*Study material*.
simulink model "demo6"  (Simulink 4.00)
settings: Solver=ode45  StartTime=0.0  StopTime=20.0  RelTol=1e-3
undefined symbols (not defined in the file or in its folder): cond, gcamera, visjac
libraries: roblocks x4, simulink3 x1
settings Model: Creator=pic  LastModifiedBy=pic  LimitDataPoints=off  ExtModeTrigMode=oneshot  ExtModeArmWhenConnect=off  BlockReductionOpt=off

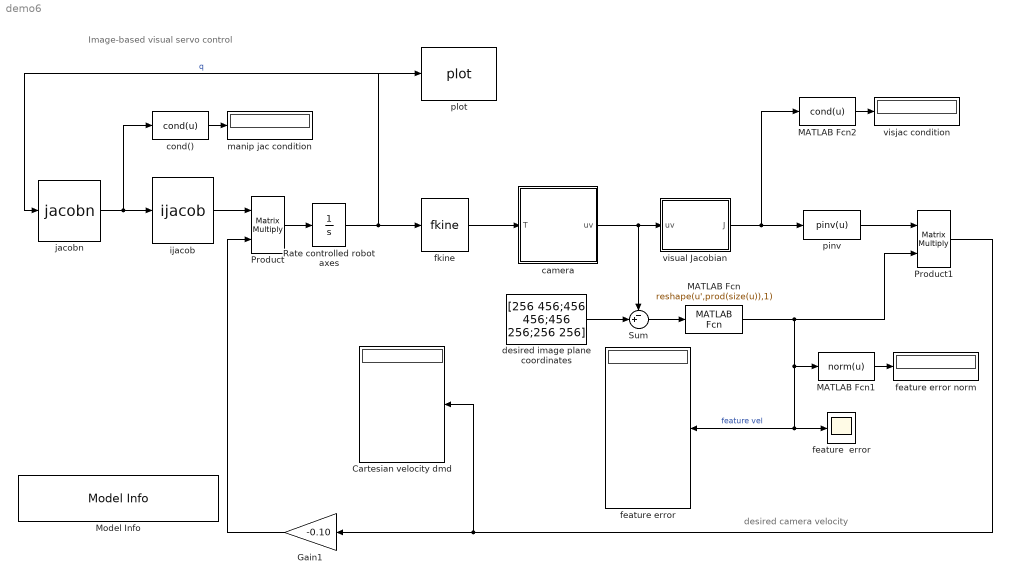
== system demo6 ==
  note: Image-based visual servo control
  note: desired camera velocity
  Cartesian velocity dmd : Display
      settings: Format=bank
  Gain1 : Gain  Orientation=left  Gain=-0.10  Multiplication=Element-wise(K.*u)  SaturateOnIntegerOverflow=on
  MATLAB Fcn : MATLABFcn  MATLABFcn=reshape(u',prod(size(u)),1)  OutputDimensions=-1  OutputSignalType=auto  Output1D=on
  MATLAB Fcn1 : MATLABFcn  MATLABFcn=norm(u)  OutputDimensions=-1  OutputSignalType=auto  Output1D=on
  MATLAB Fcn2 : MATLABFcn  MATLABFcn=cond(u)  OutputDimensions=-1  OutputSignalType=auto  Output1D=on
  Model Info : simulink3/Signals & Systems/Model Info  InitialBlockCM=none  BlockCM=none  Frame=on  DisplayStringWithTags=|  HorizontalTextAlignment=Left  LeftAlignmentValue=0.02  SourceBlockDiagram=demo6  TagMaxNumber=20
      | Image-based visual servo control
      | %<Creator>
      | %<LastModificationDate>
  Product : Product  Inputs=2  Multiplication=Matrix(*)  SaturateOnIntegerOverflow=on
  Product1 : Product  Inputs=2  Multiplication=Matrix(*)  SaturateOnIntegerOverflow=on
  Rate controlled robot axes : Integrator  ExternalReset=none  InitialConditionSource=internal  InitialCondition="[0.3048   -0.9869    0.4483   -0.3513   -1.0595    0.1774]"  LimitOutput=off  UpperSaturationLimit=inf  LowerSaturationLimit=-inf  ShowSaturationPort=off  ShowStatePort=off  AbsoluteTolerance=auto
  Sum : Sum  Inputs=-+|  SaturateOnIntegerOverflow=on
  camera : Subsystem  mask{name=IBVS camera, camdata=[8e-3 80e3 80e3 256 256], dims=[0 511 0 511], points=rotz(0.02)*[2 0.2 0.2;2 0.2 -0.2; 2 -0.2 -0.2 ;2 -0.2 0.2]}
      mask prompts: camdata "Camera params"; dims "Image plane size"; points "Points (nx2)"
      mask init:
      | h=gcamera(name,camcalp_c(camdata),dims);
      settings: RTWFcnNameOpts=Auto  RTWFileNameOpts=Auto
  cond() : MATLABFcn  MATLABFcn=cond(u)  OutputDimensions=-1  OutputSignalType=auto  Output1D=on
  desired image plane coordinates : Constant  Value=[256 456;456 456;456 256;256 256]  VectorParams1D=off
  feature  error : Scope
      settings: TimeRange=20  YMin=-0.2  YMax=0.1  SaveToWorkspace=off  SaveName=ScopeData  LimitDataPoints=on  MaxDataPoints=5000
  feature error : Display
      settings: Format=bank
  feature error norm : Display
      settings: Format=short
  fkine : roblocks/fkine  robot=p560
  ijacob : roblocks/ijacob
  jacobn : roblocks/jacobn  robot=p560
  manip jac condition : Display
      settings: Format=short
  pinv : MATLABFcn  MATLABFcn=pinv(u)  OutputDimensions=-1  OutputSignalType=auto  Output1D=off
  plot : roblocks/plot  robot=p560
  visjac condition : Display
      settings: Format=short
  visual Jacobian : Subsystem  mask{camdata=[8e-3 80e3 80e3 256 256], z=2}
      mask prompts: camdata "Camera params"; z "Assumed depth (m)"
      settings: RTWFcnNameOpts=Auto  RTWFileNameOpts=Auto
  wires:
  Rate controlled robot axes/1 -> fkine/1, plot/1, jacobn/1  "q"
  jacobn/1 -> ijacob/1, cond()/1
  Product/1 -> Rate controlled robot axes/1
  camera/1(uv) -> visual Jacobian/1(uv), Sum/1
  fkine/1 -> camera/1(T)
  visual Jacobian/1(J) -> pinv/1, MATLAB Fcn2/1
  Sum/1 -> MATLAB Fcn/1
  pinv/1 -> Product1/1
  desired image plane coordinates/1 -> Sum/2
  MATLAB Fcn/1 -> Product1/2, MATLAB Fcn1/1, feature error/1, feature  error/1  "feature vel"
  ijacob/1 -> Product/1
  MATLAB Fcn2/1 -> visjac condition/1
  cond()/1 -> manip jac condition/1
  MATLAB Fcn1/1 -> feature error norm/1
  Product1/1 -> Gain1/1, Cartesian velocity dmd/1
  Gain1/1 -> Product/2

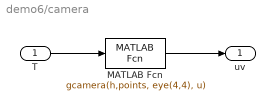
== system demo6/camera ==
  T : Inport  Port=1
  MATLAB Fcn : MATLABFcn  MATLABFcn=gcamera(h,points, eye(4,4), u)  OutputDimensions=-1  OutputSignalType=auto  Output1D=off
  uv : Outport  Port=1
  wires:
  MATLAB Fcn/1 -> uv/1
  T/1 -> MATLAB Fcn/1

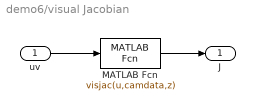
== system demo6/visual Jacobian ==
  uv : Inport  Port=1
  MATLAB Fcn : MATLABFcn  MATLABFcn=visjac(u,camdata,z)  OutputDimensions=[8 6]  OutputSignalType=auto  Output1D=off
  J : Outport  Port=1
  wires:
  MATLAB Fcn/1 -> J/1
  uv/1 -> MATLAB Fcn/1
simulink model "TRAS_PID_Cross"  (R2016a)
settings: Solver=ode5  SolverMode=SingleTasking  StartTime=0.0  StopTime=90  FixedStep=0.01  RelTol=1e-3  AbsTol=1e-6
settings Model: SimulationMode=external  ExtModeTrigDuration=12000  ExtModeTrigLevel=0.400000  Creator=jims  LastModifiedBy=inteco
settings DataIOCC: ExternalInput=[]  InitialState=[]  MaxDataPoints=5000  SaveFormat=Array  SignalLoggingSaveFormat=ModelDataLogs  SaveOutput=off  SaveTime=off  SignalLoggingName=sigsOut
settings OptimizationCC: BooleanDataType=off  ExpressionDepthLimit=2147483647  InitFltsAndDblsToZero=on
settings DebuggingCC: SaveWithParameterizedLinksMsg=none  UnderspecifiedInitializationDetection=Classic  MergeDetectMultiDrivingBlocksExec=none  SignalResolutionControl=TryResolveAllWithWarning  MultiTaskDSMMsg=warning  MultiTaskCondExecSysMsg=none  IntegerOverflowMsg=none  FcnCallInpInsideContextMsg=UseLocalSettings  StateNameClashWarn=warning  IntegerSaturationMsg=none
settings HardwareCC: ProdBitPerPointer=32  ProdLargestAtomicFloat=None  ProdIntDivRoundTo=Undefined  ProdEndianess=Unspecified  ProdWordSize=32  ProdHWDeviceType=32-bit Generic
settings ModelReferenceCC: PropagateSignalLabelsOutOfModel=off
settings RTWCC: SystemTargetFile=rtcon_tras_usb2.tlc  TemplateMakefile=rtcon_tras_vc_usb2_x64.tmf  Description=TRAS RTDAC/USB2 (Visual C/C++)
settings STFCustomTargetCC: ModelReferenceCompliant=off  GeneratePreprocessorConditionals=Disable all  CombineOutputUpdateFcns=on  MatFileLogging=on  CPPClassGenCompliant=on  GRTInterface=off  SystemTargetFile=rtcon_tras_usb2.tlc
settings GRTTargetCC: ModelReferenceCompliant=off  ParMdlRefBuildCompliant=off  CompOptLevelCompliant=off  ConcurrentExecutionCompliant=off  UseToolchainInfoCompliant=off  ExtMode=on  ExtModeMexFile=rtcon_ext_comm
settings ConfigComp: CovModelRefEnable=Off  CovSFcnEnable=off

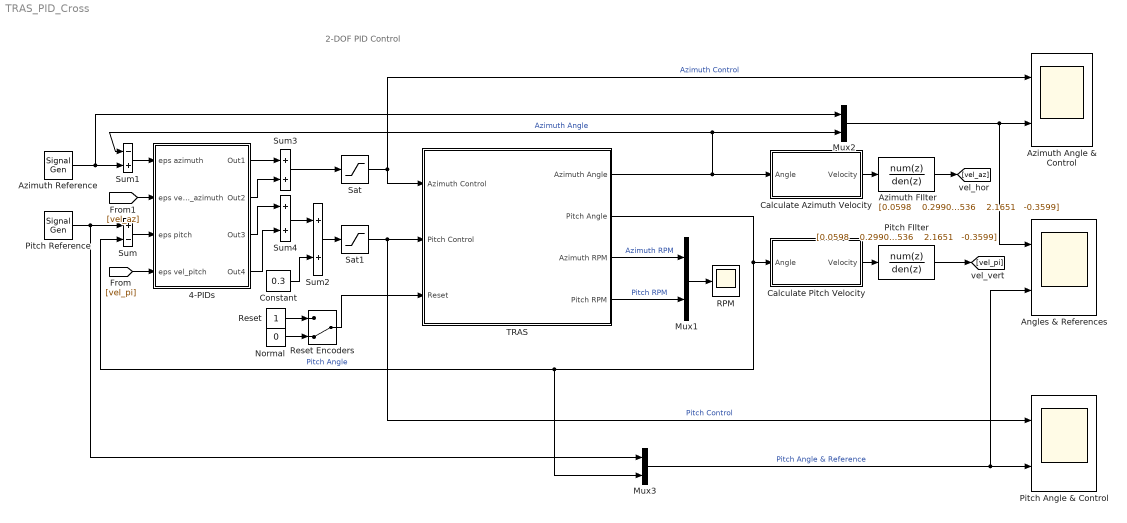
== system TRAS_PID_Cross ==
  note: 2-DOF PID Control
  4-PIDs : Subsystem  mask(4 PID controllers){phh=[1.9758/1.5 0.115 1.4008], pvh=[0 0 0.3], phv=[0 0 0.223], pvv=[0.0339 0.3532 0.7918]}
      mask prompts: phh "[Kphh Kihh Kdhh]"; pvh "[Kpvh Kivh Kdvh]"; phv "[Kphv Kihv Kdhv]"; pvv "[Kpvv Kivv Kdvv]"
      mask help: Parameters for cross-coupled PID controllers
      mask init:
      | Kphh = phh(1); Kihh = phh(2); Kdhh = phh(3);
      | Kpvh = pvh(1); Kivh = pvh(2); Kdvh = pvh(3);
      | Kphv = phv(1); Kihv = phv(2); Kdhv = phv(3);
      | Kpvv = pvv(1); Kivv = pvv(2); Kdvv = pvv(3);
      mask Help: Parameters for cross-coupled PID controllers
  Angles & References : Scope  NumInputPorts=2
  Azimuth Angle & Control : Scope  NumInputPorts=2
  Azimuth Reference : SignalGenerator  WaveForm=square  Amplitude=.4  Frequency=.02
  Azimuth FIlter : DiscreteTransferFcn  Numerator="[0.0598    0.2990    0.5980    0.5980    0.2990    0.0598] * 1e-3"  Denominator="[1.0000   -3.9845    6.4349   -5.2536    2.1651   -0.3599]"  SampleTime=0.01
  Calculate Azimuth Velocity : Subsystem
      mask Display: disp( 'rad-to-rad/s' )
  Calculate Pitch Velocity : Subsystem
      mask Display: disp( 'rad-to-rad/s' )
  Constant : Constant  Value=0.3
  Mux1 : Mux  Inputs=2
  Mux2 : Mux  Inputs=2
  Mux3 : Mux  Inputs=2
  Normal : Constant  Value=0
  Pitch Angle & Control : Scope  NumInputPorts=2
  Pitch Reference : SignalGenerator  Amplitude=.25  Frequency=1/60
  Pitch FIlter : DiscreteTransferFcn  Numerator="[0.0598    0.2990    0.5980    0.5980    0.2990    0.0598] * 1e-3"  Denominator="[1.0000   -3.9845    6.4349   -5.2536    2.1651   -0.3599]"  SampleTime=0.01
  RPM : Scope
  Reset : Constant
  Reset Encoders : ManualSwitch  CurrentSetting=0
  Sat : Saturate
  Sat1 : Saturate  UpperLimit=1  LowerLimit=0
  Sum : Sum  Inputs=+-  SaturateOnIntegerOverflow=on
  Sum1 : Sum  Inputs=-+  SaturateOnIntegerOverflow=on
  Sum2 : Sum  SaturateOnIntegerOverflow=on
  Sum3 : Sum  SaturateOnIntegerOverflow=on
  Sum4 : Sum  SaturateOnIntegerOverflow=on
  TRAS : Subsystem
      mask Display: image(imread('Tras.JPG'))
  wires:
  TRAS/1(Azimuth Angle) -> Mux2/2, Sum1/1, Calculate Azimuth Velocity/1(Angle)  "Azimuth Angle"
  TRAS/4(Pitch RPM) -> Mux1/2  "Pitch RPM"
  Normal/1 -> Reset Encoders/2
  Reset/1 -> Reset Encoders/1
  Reset Encoders/1 -> TRAS/3(Reset)
  Mux2/1 -> Angles & References/1, Azimuth Angle & Control/2
  Sum2/1 -> Sat1/1
  Sat1/1 -> Pitch Angle & Control/1, TRAS/2(Pitch Control)  "Pitch Control"
  Azimuth Reference/1 -> Sum1/2, Mux2/1
  Pitch Reference/1 -> Sum/1, Mux3/1
  Sat/1 -> Azimuth Angle & Control/1, TRAS/1(Azimuth Control)  "Azimuth Control"
  Constant/1 -> Sum2/2
  Sum3/1 -> Sat/1
  Sum4/1 -> Sum2/1
  Mux1/1 -> RPM/1
  TRAS/2(Pitch Angle) -> Sum/2, Mux3/2, Calculate Pitch Velocity/1(Angle)  "Pitch Angle"
  Mux3/1 -> Angles & References/2, Pitch Angle & Control/2  "Pitch Angle & Reference"
  Calculate Azimuth Velocity/1(Velocity) -> Azimuth FIlter/1
  Calculate Pitch Velocity/1(Velocity) -> Pitch FIlter/1
  Sum1/1 -> 4-PIDs/1(eps azimuth)
  Sum/1 -> 4-PIDs/3(eps pitch)
  Azimuth FIlter/1 -> [vel_az]
  Pitch FIlter/1 -> [vel_pi]
  4-PIDs/1(Out1) -> Sum3/1
  4-PIDs/2(Out2) -> Sum3/2
  4-PIDs/3(Out3) -> Sum4/1
  4-PIDs/4(Out4) -> Sum4/2
  [vel_az] -> 4-PIDs/2(eps vel_azimuth)
  [vel_pi] -> 4-PIDs/4(eps vel_pitch)
  TRAS/3(Azimuth RPM) -> Mux1/1  "Azimuth RPM"

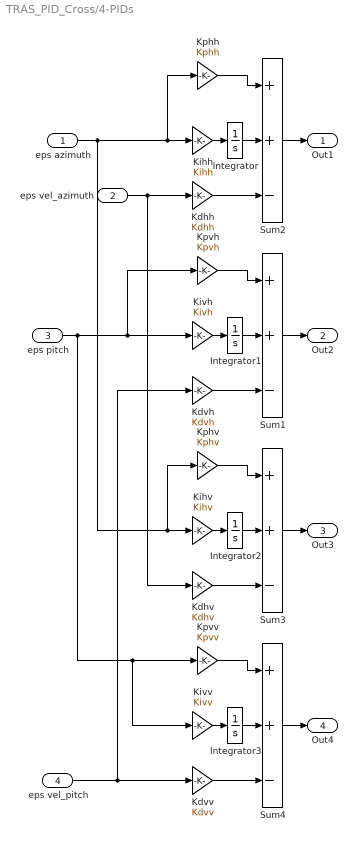
== system TRAS_PID_Cross/4-PIDs ==
  eps azimuth : Inport
  eps vel_azimuth : Inport  Port=2
  eps pitch : Inport  Port=3
  eps vel_pitch : Inport  Port=4
  Integrator : Integrator  LimitOutput=on  UpperSaturationLimit=0.5  LowerSaturationLimit=-0.5
  Integrator1 : Integrator  LimitOutput=on
  Integrator2 : Integrator
  Integrator3 : Integrator  LimitOutput=on  UpperSaturationLimit=0.25  LowerSaturationLimit=-0.25
  Kdhh : Gain  Gain=Kdhh  SaturateOnIntegerOverflow=on  OutDataTypeStr=Inherit: Same as input  ParamDataTypeStr=Inherit: Same as input
  Kdhv : Gain  Gain=Kdhv  SaturateOnIntegerOverflow=on  OutDataTypeStr=Inherit: Same as input  ParamDataTypeStr=Inherit: Same as input
  Kdvh : Gain  Gain=Kdvh  SaturateOnIntegerOverflow=on  OutDataTypeStr=Inherit: Same as input  ParamDataTypeStr=Inherit: Same as input
  Kdvv : Gain  Gain=Kdvv  SaturateOnIntegerOverflow=on  OutDataTypeStr=Inherit: Same as input  ParamDataTypeStr=Inherit: Same as input
  Kihh : Gain  Gain=Kihh  SaturateOnIntegerOverflow=on  OutDataTypeStr=Inherit: Same as input  ParamDataTypeStr=Inherit: Same as input
  Kihv : Gain  Gain=Kihv  SaturateOnIntegerOverflow=on  OutDataTypeStr=Inherit: Same as input  ParamDataTypeStr=Inherit: Same as input
  Kivh : Gain  Gain=Kivh  SaturateOnIntegerOverflow=on  OutDataTypeStr=Inherit: Same as input  ParamDataTypeStr=Inherit: Same as input
  Kivv : Gain  Gain=Kivv  SaturateOnIntegerOverflow=on  OutDataTypeStr=Inherit: Same as input  ParamDataTypeStr=Inherit: Same as input
  Kphh : Gain  Gain=Kphh  SaturateOnIntegerOverflow=on  OutDataTypeStr=Inherit: Same as input  ParamDataTypeStr=Inherit: Same as input
  Kphv : Gain  Gain=Kphv  SaturateOnIntegerOverflow=on  OutDataTypeStr=Inherit: Same as input  ParamDataTypeStr=Inherit: Same as input
  Kpvh : Gain  Gain=Kpvh  SaturateOnIntegerOverflow=on  OutDataTypeStr=Inherit: Same as input  ParamDataTypeStr=Inherit: Same as input
  Kpvv : Gain  Gain=Kpvv  SaturateOnIntegerOverflow=on  OutDataTypeStr=Inherit: Same as input  ParamDataTypeStr=Inherit: Same as input
  Sum{1..4} (4 alike) : Sum  Inputs=++-  SaturateOnIntegerOverflow=on  InputSameDT=on  OutDataTypeStr=Inherit: Same as first input
  Out1 : Outport
  Out2 : Outport  Port=2
  Out3 : Outport  Port=3
  Out4 : Outport  Port=4
  wires:
  Sum4/1 -> Out4/1
  Sum3/1 -> Out3/1
  Sum1/1 -> Out2/1
  Sum2/1 -> Out1/1
  Kdvv/1 -> Sum4/3
  Kivv/1 -> Integrator3/1
  Integrator3/1 -> Sum4/2
  Kpvv/1 -> Sum4/1
  Kdhv/1 -> Sum3/3
  Kihv/1 -> Integrator2/1
  Integrator2/1 -> Sum3/2
  Kphv/1 -> Sum3/1
  Kdvh/1 -> Sum1/3
  Kivh/1 -> Integrator1/1
  Integrator1/1 -> Sum1/2
  Kpvh/1 -> Sum1/1
  Kdhh/1 -> Sum2/3
  Kihh/1 -> Integrator/1
  Integrator/1 -> Sum2/2
  Kphh/1 -> Sum2/1
  eps azimuth/1 -> Kihv/1, Kphv/1, Kihh/1, Kphh/1
  eps vel_azimuth/1 -> Kdhv/1, Kdhh/1
  eps pitch/1 -> Kivh/1, Kpvh/1, Kpvv/1, Kivv/1
  eps vel_pitch/1 -> Kdvv/1, Kdvh/1

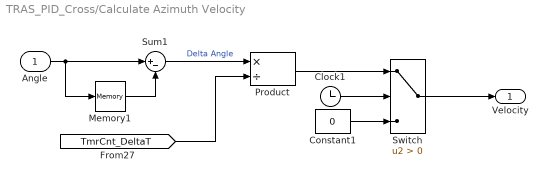
== system TRAS_PID_Cross/Calculate Azimuth Velocity ==
  Angle : Inport
  Clock1 : Clock
  Constant1 : Constant  Value=0
  Memory1 : Memory
  Product : Product  Inputs=*/  SaturateOnIntegerOverflow=on  InputSameDT=on  OutDataTypeStr=Inherit: Same as first input
  Sum1 : Sum  Inputs=|+-  SaturateOnIntegerOverflow=on  InputSameDT=on  OutDataTypeStr=Inherit: Same as first input
  Switch : Switch  Criteria=u2 > Threshold  SaturateOnIntegerOverflow=on  InputSameDT=on
  Velocity : Outport
  wires:
  [TmrCnt_DeltaT] -> Product/2
  Memory1/1 -> Sum1/2
  Angle/1 -> Sum1/1, Memory1/1
  Sum1/1 -> Product/1  "Delta Angle"
  Product/1 -> Switch/1
  Clock1/1 -> Switch/2
  Constant1/1 -> Switch/3
  Switch/1 -> Velocity/1

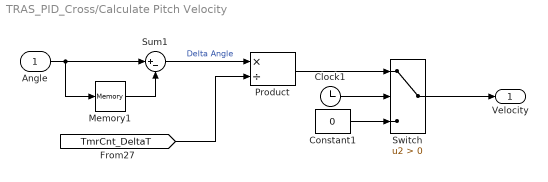
== system TRAS_PID_Cross/Calculate Pitch Velocity ==
  Angle : Inport
  Clock1 : Clock
  Constant1 : Constant  Value=0
  Memory1 : Memory
  Product : Product  Inputs=*/  SaturateOnIntegerOverflow=on  InputSameDT=on  OutDataTypeStr=Inherit: Same as first input
  Sum1 : Sum  Inputs=|+-  SaturateOnIntegerOverflow=on  InputSameDT=on  OutDataTypeStr=Inherit: Same as first input
  Switch : Switch  Criteria=u2 > Threshold  SaturateOnIntegerOverflow=on  InputSameDT=on
  Velocity : Outport
  wires:
  Switch/1 -> Velocity/1
  Constant1/1 -> Switch/3
  Clock1/1 -> Switch/2
  Product/1 -> Switch/1
  Sum1/1 -> Product/1  "Delta Angle"
  Angle/1 -> Memory1/1, Sum1/1
  Memory1/1 -> Sum1/2
  [TmrCnt_DeltaT] -> Product/2

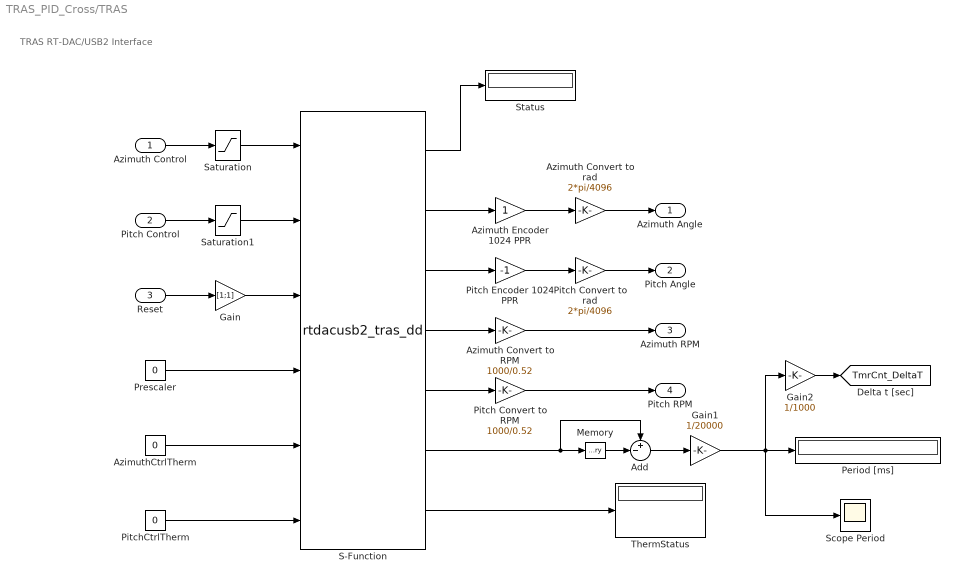
== system TRAS_PID_Cross/TRAS ==
  note: TRAS RT-DAC/USB2
      | Interface
  Azimuth Control : Inport
  Pitch Control : Inport  Port=2
  Reset : Inport  Port=3
  Add : Sum  Inputs=+-|
  Azimuth Convert to RPM : Gain  Gain=1000/0.52  SaturateOnIntegerOverflow=on  OutDataTypeStr=Inherit: Same as input  ParamDataTypeStr=Inherit: Same as input
  Azimuth Convert to rad : Gain  Gain=2*pi/4096  SaturateOnIntegerOverflow=on  OutDataTypeStr=Inherit: Same as input  ParamDataTypeStr=Inherit: Same as input
  Azimuth Encoder 1024 PPR : Gain  SaturateOnIntegerOverflow=on  OutDataTypeStr=Inherit: Same as input  ParamDataTypeStr=Inherit: Same as input
  AzimuthCtrlTherm : Constant  Value=0
  Gain : Gain  Gain=[1;1]
  Gain1 : Gain  Gain=1/20000
  Gain2 : Gain  Gain=1/1000
  Memory : Memory
  Period [ms] : Display
  Pitch Convert to RPM : Gain  Gain=1000/0.52  SaturateOnIntegerOverflow=on  OutDataTypeStr=Inherit: Same as input  ParamDataTypeStr=Inherit: Same as input
  Pitch Convert to rad : Gain  Gain=2*pi/4096  SaturateOnIntegerOverflow=on  OutDataTypeStr=Inherit: Same as input  ParamDataTypeStr=Inherit: Same as input
  Pitch Encoder 1024 PPR : Gain  Gain=-1  SaturateOnIntegerOverflow=on  OutDataTypeStr=Inherit: Same as input  ParamDataTypeStr=Inherit: Same as input
  PitchCtrlTherm : Constant  Value=0
  Prescaler : Constant  Value=0
  S-Function : S-Function  FunctionName=rtdacusb2_tras_dd  Parameters=1, 0.01  SFunctionDeploymentMode=off  EnableBusSupport=off
  Saturation : Saturate  UpperLimit=1  LowerLimit=-1
  Saturation1 : Saturate  UpperLimit=1  LowerLimit=-1
  Scope Period : Scope
  Status : Display
  ThermStatus : Display
  Azimuth Angle : Outport
  Pitch Angle : Outport  Port=2
  Azimuth RPM : Outport  Port=3
  Pitch RPM : Outport  Port=4
  tag scope: TmrCnt_DeltaT=global
  wires:
  Gain2/1 -> [TmrCnt_DeltaT]
  Gain1/1 -> Gain2/1, Period [ms]/1, Scope Period/1
  S-Function/6 -> Add/1, Memory/1
  Add/1 -> Gain1/1
  Memory/1 -> Add/2
  S-Function/7 -> ThermStatus/1
  Pitch Convert to RPM/1 -> Pitch RPM/1
  Azimuth Convert to RPM/1 -> Azimuth RPM/1
  S-Function/5 -> Pitch Convert to RPM/1
  S-Function/4 -> Azimuth Convert to RPM/1
  Pitch Convert to rad/1 -> Pitch Angle/1
  S-Function/3 -> Pitch Encoder 1024 PPR/1
  Pitch Encoder 1024 PPR/1 -> Pitch Convert to rad/1
  Azimuth Convert to rad/1 -> Azimuth Angle/1
  S-Function/2 -> Azimuth Encoder 1024 PPR/1
  Azimuth Encoder 1024 PPR/1 -> Azimuth Convert to rad/1
  S-Function/1 -> Status/1
  Gain/1 -> S-Function/3
  Saturation1/1 -> S-Function/2
  Saturation/1 -> S-Function/1
  PitchCtrlTherm/1 -> S-Function/6
  AzimuthCtrlTherm/1 -> S-Function/5
  Prescaler/1 -> S-Function/4
  Reset/1 -> Gain/1
  Pitch Control/1 -> Saturation1/1
  Azimuth Control/1 -> Saturation/1

*Exercise instructions*.
For this exercise, output exactly the lines above from the line with "Integrator : Integrator" to the line with "Kdhv : Gain", counting both, and leave out the rest.

*Written response*.
  Integrator : Integrator  LimitOutput=on  UpperSaturationLimit=0.5  LowerSaturationLimit=-0.5
  Integrator1 : Integrator  LimitOutput=on
  Integrator2 : Integrator
  Integrator3 : Integrator  LimitOutput=on  UpperSaturationLimit=0.25  LowerSaturationLimit=-0.25
  Kdhh : Gain  Gain=Kdhh  SaturateOnIntegerOverflow=on  OutDataTypeStr=Inherit: Same as input  ParamDataTypeStr=Inherit: Same as input
  Kdhv : Gain  Gain=Kdhv  SaturateOnIntegerOverflow=on  OutDataTypeStr=Inherit: Same as input  ParamDataTypeStr=Inherit: Same as input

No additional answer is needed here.